# does this call for a rebuild?



## daveh70 (Sep 4, 2008)

My car has the original 389 and to my knowledge has a standard rebuild in 2003 but I don't know the milage. I've had the car 3 years. Currently upon start up there's blue smoke. The plugs were oil fouled badly after a year period with roughly 500 miles driven during that time. I know it's eating oil but not sure the amount. The shop is suggesting a rebuild and maybe it needs piston rings or valve guide replacement. 

However, a friend of mine says to write down the current milage. If I can go at least 700 miles and the car eats up a quart of oil max then I'm fine. If it uses up more then he would do a rebuild. Would you agree with this plan? Thanks


----------



## BearGFR (Aug 25, 2008)

arty:


daveh70 said:


> My car has the original 389 and to my knowledge has a standard rebuild in 2003 but I don't know the milage. I've had the car 3 years. Currently upon start up there's blue smoke. The plugs were oil fouled badly after a year period with roughly 500 miles driven during that time. I know it's eating oil but not sure the amount. The shop is suggesting a rebuild and maybe it needs piston rings or valve guide replacement.
> 
> However, a friend of mine says to write down the current milage. If I can go at least 700 miles and the car eats up a quart of oil max then I'm fine. If it uses up more then he would do a rebuild. Would you agree with this plan? Thanks


Most of the time, general statements like those are either wrong, or at least don't tell the whole story. I'd recommend some more research before starting a rebuild - if nothing else to try to identify where the problem is. Smoking on startup (if it clears up after that) to me sounds more like valve giudes than it does rings, but it's not conclusive. Recommend that you do both a compression test and a cylinder leak-down test. If you do your own compression test, use a good quality gauge, remove all the spark plugs, and block the throttle open while testing each cylinder. Do it "dry" first. You're looking for consistency across all the cylinders more than you are the absolute reading, but both do matter. If you find one or more "low" holes, then test those again after putting a couple of good squirts of oil in through the spark plug hole. If the pressure increases significantly wtih the oil, that's a clue the rings aren't sealing. If nothing changes, then it's leaking past the valve guides (or 'worse'). 

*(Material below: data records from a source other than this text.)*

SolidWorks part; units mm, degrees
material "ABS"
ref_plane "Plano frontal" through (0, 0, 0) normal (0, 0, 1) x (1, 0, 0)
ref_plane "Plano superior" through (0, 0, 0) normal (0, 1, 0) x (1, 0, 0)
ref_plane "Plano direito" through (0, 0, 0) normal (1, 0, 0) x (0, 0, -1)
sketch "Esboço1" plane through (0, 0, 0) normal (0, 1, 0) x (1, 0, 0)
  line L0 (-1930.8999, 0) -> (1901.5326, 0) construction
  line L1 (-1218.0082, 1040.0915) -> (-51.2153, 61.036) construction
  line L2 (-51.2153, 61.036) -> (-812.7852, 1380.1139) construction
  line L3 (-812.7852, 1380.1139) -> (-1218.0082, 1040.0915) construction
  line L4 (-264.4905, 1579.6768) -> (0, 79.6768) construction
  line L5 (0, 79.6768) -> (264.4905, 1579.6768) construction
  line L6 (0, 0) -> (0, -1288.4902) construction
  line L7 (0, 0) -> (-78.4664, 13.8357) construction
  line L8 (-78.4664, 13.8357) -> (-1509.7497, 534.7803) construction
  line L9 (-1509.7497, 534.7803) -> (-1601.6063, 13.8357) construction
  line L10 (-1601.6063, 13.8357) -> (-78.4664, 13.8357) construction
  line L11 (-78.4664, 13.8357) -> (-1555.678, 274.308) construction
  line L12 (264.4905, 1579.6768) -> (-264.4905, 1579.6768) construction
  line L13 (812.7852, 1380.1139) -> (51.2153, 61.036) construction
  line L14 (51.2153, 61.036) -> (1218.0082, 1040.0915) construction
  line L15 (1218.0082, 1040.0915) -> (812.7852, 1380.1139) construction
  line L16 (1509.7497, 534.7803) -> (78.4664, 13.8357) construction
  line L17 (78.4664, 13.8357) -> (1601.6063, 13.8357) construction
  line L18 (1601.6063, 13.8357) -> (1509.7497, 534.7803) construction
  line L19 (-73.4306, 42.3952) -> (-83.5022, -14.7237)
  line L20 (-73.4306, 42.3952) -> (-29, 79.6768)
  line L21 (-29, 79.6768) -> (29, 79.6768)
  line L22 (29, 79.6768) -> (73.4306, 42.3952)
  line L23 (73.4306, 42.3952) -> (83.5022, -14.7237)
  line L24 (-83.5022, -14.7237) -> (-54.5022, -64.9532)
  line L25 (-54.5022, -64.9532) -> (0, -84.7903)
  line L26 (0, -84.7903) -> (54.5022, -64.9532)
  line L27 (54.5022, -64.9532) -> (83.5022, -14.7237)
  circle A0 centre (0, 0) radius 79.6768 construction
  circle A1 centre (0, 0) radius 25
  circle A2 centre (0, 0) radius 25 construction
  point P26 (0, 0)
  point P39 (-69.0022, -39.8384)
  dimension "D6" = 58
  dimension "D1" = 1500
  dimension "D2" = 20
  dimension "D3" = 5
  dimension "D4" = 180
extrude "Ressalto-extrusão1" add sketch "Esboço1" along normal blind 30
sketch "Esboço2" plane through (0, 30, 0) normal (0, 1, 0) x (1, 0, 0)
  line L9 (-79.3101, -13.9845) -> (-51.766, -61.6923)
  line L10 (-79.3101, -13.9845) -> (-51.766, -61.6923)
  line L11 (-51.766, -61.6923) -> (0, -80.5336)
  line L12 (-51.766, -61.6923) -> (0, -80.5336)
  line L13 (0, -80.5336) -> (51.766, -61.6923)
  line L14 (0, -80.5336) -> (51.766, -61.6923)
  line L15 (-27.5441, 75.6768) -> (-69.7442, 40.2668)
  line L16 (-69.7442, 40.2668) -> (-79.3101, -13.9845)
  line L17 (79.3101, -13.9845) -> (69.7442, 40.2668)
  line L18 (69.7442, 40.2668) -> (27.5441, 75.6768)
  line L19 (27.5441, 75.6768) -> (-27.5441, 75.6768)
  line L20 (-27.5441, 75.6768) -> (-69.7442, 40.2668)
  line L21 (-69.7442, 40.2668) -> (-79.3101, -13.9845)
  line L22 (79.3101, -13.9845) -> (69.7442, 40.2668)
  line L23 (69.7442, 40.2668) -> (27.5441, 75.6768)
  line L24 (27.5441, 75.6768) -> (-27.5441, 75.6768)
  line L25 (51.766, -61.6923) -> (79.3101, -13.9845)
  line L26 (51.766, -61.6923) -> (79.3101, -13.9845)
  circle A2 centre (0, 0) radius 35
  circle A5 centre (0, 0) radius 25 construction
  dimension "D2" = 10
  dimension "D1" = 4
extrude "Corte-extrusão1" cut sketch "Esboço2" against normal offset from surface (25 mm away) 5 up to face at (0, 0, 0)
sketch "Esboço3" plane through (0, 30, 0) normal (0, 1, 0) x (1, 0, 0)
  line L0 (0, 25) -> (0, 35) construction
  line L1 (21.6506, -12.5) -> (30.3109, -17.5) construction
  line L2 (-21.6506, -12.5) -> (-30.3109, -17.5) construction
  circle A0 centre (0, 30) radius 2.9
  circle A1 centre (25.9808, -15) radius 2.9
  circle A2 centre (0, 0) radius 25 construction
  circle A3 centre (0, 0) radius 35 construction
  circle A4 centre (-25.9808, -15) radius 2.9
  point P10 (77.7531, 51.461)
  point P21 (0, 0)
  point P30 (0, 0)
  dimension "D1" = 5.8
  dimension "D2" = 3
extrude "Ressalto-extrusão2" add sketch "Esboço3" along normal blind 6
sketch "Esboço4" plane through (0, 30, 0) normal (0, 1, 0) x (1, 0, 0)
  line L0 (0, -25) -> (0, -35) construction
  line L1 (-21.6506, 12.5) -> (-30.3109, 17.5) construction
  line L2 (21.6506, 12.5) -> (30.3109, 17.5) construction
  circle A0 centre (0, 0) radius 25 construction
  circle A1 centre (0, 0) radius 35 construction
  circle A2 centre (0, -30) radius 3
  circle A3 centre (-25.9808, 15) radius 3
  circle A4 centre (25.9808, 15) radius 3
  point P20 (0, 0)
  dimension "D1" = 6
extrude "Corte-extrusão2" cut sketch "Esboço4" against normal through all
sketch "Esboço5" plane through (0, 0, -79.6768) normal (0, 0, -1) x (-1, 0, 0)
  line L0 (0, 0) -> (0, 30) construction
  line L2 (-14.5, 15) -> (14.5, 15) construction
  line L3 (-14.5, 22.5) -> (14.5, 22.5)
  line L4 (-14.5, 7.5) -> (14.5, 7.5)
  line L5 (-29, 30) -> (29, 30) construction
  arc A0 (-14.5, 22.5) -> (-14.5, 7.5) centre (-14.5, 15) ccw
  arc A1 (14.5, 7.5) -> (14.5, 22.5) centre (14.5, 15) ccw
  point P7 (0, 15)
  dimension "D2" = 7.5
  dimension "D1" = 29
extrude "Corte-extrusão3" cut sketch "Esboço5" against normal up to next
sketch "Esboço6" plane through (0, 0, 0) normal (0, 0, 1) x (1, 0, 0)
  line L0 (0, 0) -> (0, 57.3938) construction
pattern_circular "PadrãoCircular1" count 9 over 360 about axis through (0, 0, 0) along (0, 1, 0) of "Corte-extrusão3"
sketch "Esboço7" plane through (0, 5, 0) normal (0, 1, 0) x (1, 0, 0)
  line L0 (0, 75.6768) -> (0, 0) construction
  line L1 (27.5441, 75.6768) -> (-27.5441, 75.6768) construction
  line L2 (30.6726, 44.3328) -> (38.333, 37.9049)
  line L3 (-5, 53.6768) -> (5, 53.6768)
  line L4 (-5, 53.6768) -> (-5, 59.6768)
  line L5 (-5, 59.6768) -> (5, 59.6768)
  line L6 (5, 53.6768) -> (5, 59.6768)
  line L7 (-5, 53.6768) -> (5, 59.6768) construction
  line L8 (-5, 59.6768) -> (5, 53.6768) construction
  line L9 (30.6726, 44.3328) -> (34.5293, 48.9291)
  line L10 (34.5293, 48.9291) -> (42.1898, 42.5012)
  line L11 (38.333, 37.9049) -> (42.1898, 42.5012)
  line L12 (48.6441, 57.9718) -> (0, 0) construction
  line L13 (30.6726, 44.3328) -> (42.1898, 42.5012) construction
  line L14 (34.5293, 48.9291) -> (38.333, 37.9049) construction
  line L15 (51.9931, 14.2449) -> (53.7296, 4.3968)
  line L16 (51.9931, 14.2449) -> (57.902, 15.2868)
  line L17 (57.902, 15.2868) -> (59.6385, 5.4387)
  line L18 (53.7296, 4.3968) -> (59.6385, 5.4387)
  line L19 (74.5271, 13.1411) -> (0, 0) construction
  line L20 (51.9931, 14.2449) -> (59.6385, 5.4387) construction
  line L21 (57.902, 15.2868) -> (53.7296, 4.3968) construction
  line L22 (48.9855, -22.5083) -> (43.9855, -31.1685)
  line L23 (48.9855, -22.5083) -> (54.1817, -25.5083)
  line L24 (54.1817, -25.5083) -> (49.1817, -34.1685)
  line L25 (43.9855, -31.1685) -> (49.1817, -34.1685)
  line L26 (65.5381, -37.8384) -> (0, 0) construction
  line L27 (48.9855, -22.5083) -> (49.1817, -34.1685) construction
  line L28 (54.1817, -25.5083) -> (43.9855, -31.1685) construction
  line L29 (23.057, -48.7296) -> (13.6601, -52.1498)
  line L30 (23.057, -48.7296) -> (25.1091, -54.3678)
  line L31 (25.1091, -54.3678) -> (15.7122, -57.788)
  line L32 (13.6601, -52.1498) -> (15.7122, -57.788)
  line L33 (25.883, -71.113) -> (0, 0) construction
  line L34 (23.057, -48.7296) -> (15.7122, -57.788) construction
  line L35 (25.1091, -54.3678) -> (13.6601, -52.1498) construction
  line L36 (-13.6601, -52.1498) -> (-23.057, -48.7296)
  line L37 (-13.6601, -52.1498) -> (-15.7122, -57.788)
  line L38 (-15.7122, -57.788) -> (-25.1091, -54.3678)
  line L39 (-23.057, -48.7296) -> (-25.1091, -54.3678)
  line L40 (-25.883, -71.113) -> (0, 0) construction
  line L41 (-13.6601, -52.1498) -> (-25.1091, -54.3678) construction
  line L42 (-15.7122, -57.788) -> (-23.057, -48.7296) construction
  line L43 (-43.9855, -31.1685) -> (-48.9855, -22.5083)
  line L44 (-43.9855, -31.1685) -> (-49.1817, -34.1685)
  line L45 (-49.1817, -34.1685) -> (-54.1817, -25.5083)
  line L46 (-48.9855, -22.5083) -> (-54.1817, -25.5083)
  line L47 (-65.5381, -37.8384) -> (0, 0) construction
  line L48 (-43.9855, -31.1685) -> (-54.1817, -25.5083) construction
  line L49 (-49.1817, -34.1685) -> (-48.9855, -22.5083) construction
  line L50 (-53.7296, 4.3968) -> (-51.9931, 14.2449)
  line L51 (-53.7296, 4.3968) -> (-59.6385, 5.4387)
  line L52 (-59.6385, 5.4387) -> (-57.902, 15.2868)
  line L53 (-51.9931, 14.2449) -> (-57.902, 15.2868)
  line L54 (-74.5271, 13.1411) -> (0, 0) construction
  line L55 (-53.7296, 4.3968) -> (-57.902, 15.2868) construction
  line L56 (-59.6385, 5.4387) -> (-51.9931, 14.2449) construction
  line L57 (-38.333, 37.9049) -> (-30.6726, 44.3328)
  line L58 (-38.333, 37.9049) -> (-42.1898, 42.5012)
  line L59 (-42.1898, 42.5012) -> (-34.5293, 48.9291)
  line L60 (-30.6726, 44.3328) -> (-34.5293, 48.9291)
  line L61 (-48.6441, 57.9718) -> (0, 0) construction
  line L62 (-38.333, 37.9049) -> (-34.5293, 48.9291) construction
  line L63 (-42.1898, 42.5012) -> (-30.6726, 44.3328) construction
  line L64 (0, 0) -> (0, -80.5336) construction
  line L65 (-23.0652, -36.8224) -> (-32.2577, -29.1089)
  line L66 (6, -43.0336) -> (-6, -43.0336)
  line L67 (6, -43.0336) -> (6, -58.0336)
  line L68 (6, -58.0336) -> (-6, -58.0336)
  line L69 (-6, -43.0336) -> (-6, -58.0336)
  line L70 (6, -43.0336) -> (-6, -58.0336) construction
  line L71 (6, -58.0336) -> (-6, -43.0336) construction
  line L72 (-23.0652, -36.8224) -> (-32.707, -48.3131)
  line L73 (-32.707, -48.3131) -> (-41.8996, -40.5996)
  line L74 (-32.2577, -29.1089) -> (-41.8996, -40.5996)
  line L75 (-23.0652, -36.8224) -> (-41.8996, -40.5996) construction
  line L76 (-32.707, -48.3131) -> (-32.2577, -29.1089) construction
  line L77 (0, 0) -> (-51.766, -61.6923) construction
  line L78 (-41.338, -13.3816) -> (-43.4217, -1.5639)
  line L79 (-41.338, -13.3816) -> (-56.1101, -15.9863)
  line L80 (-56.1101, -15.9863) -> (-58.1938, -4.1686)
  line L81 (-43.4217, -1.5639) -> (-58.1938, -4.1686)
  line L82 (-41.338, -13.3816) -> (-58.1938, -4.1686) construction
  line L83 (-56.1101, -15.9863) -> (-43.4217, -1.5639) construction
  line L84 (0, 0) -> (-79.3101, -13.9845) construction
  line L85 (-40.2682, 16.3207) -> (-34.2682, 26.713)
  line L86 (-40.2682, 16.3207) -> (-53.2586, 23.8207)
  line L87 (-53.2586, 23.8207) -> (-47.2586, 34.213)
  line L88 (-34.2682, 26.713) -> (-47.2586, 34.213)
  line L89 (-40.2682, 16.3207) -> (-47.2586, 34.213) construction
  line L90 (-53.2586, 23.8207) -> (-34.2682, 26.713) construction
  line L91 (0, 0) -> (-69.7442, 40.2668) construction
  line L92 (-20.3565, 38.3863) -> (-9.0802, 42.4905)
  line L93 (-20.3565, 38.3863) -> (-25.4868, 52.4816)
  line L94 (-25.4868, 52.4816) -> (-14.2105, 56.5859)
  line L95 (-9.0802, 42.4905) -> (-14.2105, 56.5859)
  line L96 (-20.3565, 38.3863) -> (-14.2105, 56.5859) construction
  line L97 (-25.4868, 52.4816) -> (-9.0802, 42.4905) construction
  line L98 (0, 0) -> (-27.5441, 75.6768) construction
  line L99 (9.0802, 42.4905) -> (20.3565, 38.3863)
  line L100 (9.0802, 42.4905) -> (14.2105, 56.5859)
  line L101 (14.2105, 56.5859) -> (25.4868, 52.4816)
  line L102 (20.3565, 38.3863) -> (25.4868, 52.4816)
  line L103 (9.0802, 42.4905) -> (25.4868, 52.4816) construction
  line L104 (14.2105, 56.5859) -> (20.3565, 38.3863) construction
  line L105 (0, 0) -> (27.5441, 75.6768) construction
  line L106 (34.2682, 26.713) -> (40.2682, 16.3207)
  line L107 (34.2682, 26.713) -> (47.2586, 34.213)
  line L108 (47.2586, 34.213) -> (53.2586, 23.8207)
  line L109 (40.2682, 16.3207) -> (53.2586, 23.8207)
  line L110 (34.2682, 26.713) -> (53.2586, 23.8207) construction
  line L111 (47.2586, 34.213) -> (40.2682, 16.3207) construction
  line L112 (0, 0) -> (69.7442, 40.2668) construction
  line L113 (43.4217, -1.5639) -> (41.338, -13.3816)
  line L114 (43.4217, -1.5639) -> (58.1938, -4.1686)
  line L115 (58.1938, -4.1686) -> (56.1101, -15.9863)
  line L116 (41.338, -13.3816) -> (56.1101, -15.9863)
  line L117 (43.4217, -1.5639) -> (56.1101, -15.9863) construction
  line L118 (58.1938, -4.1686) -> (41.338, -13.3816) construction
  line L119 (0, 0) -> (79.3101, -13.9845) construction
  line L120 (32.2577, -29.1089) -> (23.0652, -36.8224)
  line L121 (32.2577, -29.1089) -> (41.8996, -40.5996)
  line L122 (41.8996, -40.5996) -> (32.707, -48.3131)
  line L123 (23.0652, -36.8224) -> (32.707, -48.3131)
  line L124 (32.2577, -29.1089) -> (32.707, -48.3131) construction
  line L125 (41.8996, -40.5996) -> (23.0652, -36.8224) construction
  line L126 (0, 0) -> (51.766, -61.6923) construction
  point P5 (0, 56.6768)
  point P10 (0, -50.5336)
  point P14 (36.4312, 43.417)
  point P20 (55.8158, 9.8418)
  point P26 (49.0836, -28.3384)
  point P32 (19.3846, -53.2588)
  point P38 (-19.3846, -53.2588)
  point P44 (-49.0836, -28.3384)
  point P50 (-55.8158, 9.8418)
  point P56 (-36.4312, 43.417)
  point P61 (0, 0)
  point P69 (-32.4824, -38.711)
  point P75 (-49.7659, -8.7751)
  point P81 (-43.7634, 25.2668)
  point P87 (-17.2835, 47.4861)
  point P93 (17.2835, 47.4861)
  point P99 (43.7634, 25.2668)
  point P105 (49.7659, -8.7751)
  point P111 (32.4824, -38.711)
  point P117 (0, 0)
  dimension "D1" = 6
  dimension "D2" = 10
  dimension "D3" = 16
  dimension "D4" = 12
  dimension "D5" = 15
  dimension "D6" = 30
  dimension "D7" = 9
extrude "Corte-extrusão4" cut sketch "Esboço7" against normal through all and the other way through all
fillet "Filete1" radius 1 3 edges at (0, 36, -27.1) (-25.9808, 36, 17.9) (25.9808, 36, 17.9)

The more you know about what's going on inside the motor, the better prepared you'll be to decide how to deal with it.

Bear


----------



## jetstang (Nov 5, 2008)

It may just need valve seals. Sounds like a plan. If all you are doing is cruising the car and it runs then it may be fine. Just know what you got and swap the plugs more often. My 389 ran great, just blew smoke when you romped on it, I took it out and it was wore slap out. Mine was pistons and rings, but the plugs looked good. Yours sounds like heads. You may just get the heads redone, then look at the pistons while you got the heads off and decided from there on bottom end work.


----------



## freethinker (Nov 14, 2009)

daveh70 said:


> My car has the original 389 and to my knowledge has a standard rebuild in 2003 but I don't know the milage. I've had the car 3 years. Currently upon start up there's blue smoke. The plugs were oil fouled badly after a year period with roughly 500 miles driven during that time. I know it's eating oil but not sure the amount. The shop is suggesting a rebuild and maybe it needs piston rings or valve guide replacement.
> 
> However, a friend of mine says to write down the current milage. If I can go at least 700 miles and the car eats up a quart of oil max then I'm fine. If it uses up more then he would do a rebuild. Would you agree with this plan? Thanks


sounds live valve seals. if the car does not have excessive blowby indicating bad rings i would try installing perfect circle valve seals. the stock valve seals never were any good.


----------



## geeteeohguy (Feb 2, 2008)

All very good advice. My gut tells me it's valve seals, too. For some reason, I've run into this issue a lot on Ponchos that aren't driven a whole lot. Good thing is, you can put a set of seals in without taking the heads off. Compressed air in the cylinder on TDC and a valve spring compressor tool. An afternoon's job. If it's valve guides, then more work is needed.


----------



## daveh70 (Sep 4, 2008)

I'll look into it with these suggestions. Does oil fouled spark plugs MORE likely indicate bad valve seals or are bad piston rings just as likely?


----------



## ALKYGTO (Mar 29, 2010)

geeteeohguy said:


> All very good advice. My gut tells me it's valve seals, too. For some reason, I've run into this issue a lot on Ponchos that aren't driven a whole lot. Good thing is, you can put a set of seals in without taking the heads off. Compressed air in the cylinder on TDC and a valve spring compressor tool. An afternoon's job. If it's valve guides, then more work is needed.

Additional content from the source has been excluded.